- _Exercise requirements_:
Your job with the data below is to output exactly the lines from the one holding "alpha_2 = 7.5;" down to the one holding "function sistem_full/MATLAB Function8", both included, and no others.

[Dataset excerpts]
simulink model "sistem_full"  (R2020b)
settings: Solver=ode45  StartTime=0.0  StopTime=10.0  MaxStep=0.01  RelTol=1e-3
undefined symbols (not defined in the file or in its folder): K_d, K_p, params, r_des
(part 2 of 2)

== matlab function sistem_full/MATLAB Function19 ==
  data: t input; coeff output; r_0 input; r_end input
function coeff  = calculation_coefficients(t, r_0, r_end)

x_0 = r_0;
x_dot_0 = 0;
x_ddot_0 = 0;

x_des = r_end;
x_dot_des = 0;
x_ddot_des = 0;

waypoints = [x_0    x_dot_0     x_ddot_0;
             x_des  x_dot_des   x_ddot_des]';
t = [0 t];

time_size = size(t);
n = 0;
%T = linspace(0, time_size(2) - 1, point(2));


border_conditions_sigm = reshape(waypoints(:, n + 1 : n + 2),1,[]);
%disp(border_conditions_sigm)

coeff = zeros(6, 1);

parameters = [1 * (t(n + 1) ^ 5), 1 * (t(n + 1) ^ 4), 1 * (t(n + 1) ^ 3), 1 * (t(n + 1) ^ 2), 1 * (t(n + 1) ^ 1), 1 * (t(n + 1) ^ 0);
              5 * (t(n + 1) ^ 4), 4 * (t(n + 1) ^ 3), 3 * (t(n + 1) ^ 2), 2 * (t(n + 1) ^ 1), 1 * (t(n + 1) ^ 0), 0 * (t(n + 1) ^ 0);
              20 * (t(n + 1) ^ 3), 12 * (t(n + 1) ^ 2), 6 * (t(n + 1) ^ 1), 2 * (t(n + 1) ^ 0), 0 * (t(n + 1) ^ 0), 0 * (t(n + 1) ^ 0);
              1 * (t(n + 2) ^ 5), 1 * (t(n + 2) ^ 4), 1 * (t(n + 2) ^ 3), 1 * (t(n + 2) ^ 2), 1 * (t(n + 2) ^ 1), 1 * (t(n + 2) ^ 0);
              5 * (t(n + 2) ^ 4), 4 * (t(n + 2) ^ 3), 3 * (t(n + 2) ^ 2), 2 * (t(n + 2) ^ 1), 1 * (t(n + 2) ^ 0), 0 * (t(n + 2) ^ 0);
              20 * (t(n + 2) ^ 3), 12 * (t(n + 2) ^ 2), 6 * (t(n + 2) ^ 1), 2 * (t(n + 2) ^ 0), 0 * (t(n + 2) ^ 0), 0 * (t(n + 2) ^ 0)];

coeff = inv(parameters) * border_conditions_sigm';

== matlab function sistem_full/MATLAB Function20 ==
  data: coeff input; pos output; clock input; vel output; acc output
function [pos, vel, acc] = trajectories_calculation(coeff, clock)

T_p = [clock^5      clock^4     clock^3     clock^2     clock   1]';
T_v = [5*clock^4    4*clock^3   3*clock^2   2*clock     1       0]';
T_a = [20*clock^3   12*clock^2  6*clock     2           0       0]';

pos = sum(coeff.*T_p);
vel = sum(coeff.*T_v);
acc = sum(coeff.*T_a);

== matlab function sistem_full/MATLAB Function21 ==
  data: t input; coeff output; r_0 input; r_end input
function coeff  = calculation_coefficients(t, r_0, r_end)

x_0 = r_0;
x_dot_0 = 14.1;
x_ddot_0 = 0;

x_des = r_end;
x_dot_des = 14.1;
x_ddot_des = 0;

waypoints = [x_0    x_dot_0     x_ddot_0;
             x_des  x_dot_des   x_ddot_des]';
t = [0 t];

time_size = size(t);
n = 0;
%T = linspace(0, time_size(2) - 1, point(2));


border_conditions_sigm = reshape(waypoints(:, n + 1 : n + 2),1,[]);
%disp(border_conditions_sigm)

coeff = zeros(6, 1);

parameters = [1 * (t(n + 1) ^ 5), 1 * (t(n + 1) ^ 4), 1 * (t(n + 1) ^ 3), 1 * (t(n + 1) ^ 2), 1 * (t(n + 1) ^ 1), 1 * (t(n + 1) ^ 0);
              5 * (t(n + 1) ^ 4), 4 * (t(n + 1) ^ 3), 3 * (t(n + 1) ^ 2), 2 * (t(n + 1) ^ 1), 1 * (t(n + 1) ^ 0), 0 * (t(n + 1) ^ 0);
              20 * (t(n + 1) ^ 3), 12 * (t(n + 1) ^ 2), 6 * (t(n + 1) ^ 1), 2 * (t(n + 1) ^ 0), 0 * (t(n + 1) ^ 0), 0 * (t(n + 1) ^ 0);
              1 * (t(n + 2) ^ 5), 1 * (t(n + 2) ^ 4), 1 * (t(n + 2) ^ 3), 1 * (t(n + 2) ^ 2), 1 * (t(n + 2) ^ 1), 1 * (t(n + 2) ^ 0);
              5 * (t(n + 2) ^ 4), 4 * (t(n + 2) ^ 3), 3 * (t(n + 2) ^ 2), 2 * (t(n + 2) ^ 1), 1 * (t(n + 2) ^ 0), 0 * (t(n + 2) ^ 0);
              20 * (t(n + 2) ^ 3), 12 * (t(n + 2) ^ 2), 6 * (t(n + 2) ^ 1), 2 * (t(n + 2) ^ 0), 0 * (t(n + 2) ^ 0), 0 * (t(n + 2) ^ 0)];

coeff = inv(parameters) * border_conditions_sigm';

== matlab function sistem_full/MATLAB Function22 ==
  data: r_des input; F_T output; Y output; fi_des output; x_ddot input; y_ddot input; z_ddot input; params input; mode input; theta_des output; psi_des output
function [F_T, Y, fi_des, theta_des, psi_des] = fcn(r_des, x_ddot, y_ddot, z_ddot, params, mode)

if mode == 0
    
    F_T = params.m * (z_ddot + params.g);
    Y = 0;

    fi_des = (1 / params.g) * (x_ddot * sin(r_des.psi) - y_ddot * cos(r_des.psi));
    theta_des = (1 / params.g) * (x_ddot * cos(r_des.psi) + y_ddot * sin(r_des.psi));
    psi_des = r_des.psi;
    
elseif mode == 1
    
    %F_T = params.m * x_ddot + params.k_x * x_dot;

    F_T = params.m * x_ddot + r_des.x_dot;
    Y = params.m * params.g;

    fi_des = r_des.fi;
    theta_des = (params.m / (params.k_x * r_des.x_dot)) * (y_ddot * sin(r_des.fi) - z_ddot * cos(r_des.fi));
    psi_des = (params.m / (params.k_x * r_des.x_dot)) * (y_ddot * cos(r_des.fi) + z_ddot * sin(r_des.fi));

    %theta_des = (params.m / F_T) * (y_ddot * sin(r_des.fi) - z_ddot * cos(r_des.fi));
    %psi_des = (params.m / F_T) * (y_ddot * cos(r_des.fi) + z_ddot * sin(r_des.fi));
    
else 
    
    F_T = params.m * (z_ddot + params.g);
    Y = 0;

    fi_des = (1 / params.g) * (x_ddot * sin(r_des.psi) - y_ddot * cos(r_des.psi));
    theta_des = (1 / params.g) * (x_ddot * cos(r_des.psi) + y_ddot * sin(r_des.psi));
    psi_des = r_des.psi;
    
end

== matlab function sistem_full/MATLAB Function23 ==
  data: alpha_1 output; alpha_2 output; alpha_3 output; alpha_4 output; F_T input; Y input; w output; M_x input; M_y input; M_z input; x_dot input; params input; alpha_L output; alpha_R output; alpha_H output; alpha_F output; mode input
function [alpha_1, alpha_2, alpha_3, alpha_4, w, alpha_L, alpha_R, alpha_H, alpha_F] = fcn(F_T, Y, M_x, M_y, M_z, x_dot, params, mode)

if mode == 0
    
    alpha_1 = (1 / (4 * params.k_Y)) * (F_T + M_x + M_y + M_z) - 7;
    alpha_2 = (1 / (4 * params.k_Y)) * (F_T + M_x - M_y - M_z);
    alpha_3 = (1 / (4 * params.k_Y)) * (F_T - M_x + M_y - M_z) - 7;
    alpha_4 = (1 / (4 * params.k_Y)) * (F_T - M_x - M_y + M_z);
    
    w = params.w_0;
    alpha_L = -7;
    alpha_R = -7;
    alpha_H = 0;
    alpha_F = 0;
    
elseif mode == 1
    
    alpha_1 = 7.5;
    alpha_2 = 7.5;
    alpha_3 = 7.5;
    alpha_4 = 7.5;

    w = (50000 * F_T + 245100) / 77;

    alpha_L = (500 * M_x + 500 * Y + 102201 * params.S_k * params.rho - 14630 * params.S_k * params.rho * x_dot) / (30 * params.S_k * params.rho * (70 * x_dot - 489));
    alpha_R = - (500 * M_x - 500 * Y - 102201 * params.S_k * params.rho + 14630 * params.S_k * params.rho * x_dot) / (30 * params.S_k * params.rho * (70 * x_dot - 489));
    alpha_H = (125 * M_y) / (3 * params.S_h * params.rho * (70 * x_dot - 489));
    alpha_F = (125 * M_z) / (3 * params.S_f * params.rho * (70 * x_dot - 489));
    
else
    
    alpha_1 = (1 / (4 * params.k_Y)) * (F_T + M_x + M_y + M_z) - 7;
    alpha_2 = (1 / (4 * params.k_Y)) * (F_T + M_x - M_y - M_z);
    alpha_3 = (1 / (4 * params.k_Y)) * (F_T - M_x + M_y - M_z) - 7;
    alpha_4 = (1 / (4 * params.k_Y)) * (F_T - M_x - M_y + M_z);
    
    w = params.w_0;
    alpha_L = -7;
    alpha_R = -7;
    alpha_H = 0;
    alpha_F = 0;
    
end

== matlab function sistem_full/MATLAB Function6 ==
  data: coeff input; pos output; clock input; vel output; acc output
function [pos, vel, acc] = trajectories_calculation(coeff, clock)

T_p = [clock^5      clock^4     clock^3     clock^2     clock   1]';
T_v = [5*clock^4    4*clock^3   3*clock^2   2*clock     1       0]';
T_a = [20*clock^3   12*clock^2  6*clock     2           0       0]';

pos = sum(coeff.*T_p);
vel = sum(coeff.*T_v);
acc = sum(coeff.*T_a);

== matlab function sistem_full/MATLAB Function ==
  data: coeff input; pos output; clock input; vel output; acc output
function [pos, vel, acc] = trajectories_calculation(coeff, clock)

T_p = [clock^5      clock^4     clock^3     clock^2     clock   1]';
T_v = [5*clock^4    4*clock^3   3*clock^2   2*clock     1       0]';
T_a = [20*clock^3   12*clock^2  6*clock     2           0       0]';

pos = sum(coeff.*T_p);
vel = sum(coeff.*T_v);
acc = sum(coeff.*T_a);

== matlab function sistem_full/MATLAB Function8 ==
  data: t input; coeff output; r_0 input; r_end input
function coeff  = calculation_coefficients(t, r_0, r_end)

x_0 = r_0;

- _Exercise answer_:
    alpha_2 = 7.5;
    alpha_3 = 7.5;
    alpha_4 = 7.5;

    w = (50000 * F_T + 245100) / 77;

    alpha_L = (500 * M_x + 500 * Y + 102201 * params.S_k * params.rho - 14630 * params.S_k * params.rho * x_dot) / (30 * params.S_k * params.rho * (70 * x_dot - 489));
    alpha_R = - (500 * M_x - 500 * Y - 102201 * params.S_k * params.rho + 14630 * params.S_k * params.rho * x_dot) / (30 * params.S_k * params.rho * (70 * x_dot - 489));
    alpha_H = (125 * M_y) / (3 * params.S_h * params.rho * (70 * x_dot - 489));
    alpha_F = (125 * M_z) / (3 * params.S_f * params.rho * (70 * x_dot - 489));
    
else
    
    alpha_1 = (1 / (4 * params.k_Y)) * (F_T + M_x + M_y + M_z) - 7;
    alpha_2 = (1 / (4 * params.k_Y)) * (F_T + M_x - M_y - M_z);
    alpha_3 = (1 / (4 * params.k_Y)) * (F_T - M_x + M_y - M_z) - 7;
    alpha_4 = (1 / (4 * params.k_Y)) * (F_T - M_x - M_y + M_z);
    
    w = params.w_0;
    alpha_L = -7;
    alpha_R = -7;
    alpha_H = 0;
    alpha_F = 0;
    
end

== matlab function sistem_full/MATLAB Function6 ==
  data: coeff input; pos output; clock input; vel output; acc output
function [pos, vel, acc] = trajectories_calculation(coeff, clock)

T_p = [clock^5      clock^4     clock^3     clock^2     clock   1]';
T_v = [5*clock^4    4*clock^3   3*clock^2   2*clock     1       0]';
T_a = [20*clock^3   12*clock^2  6*clock     2           0       0]';

pos = sum(coeff.*T_p);
vel = sum(coeff.*T_v);
acc = sum(coeff.*T_a);

== matlab function sistem_full/MATLAB Function ==
  data: coeff input; pos output; clock input; vel output; acc output
function [pos, vel, acc] = trajectories_calculation(coeff, clock)

T_p = [clock^5      clock^4     clock^3     clock^2     clock   1]';
T_v = [5*clock^4    4*clock^3   3*clock^2   2*clock     1       0]';
T_a = [20*clock^3   12*clock^2  6*clock     2           0       0]';

pos = sum(coeff.*T_p);
vel = sum(coeff.*T_v);
acc = sum(coeff.*T_a);

== matlab function sistem_full/MATLAB Function8 ==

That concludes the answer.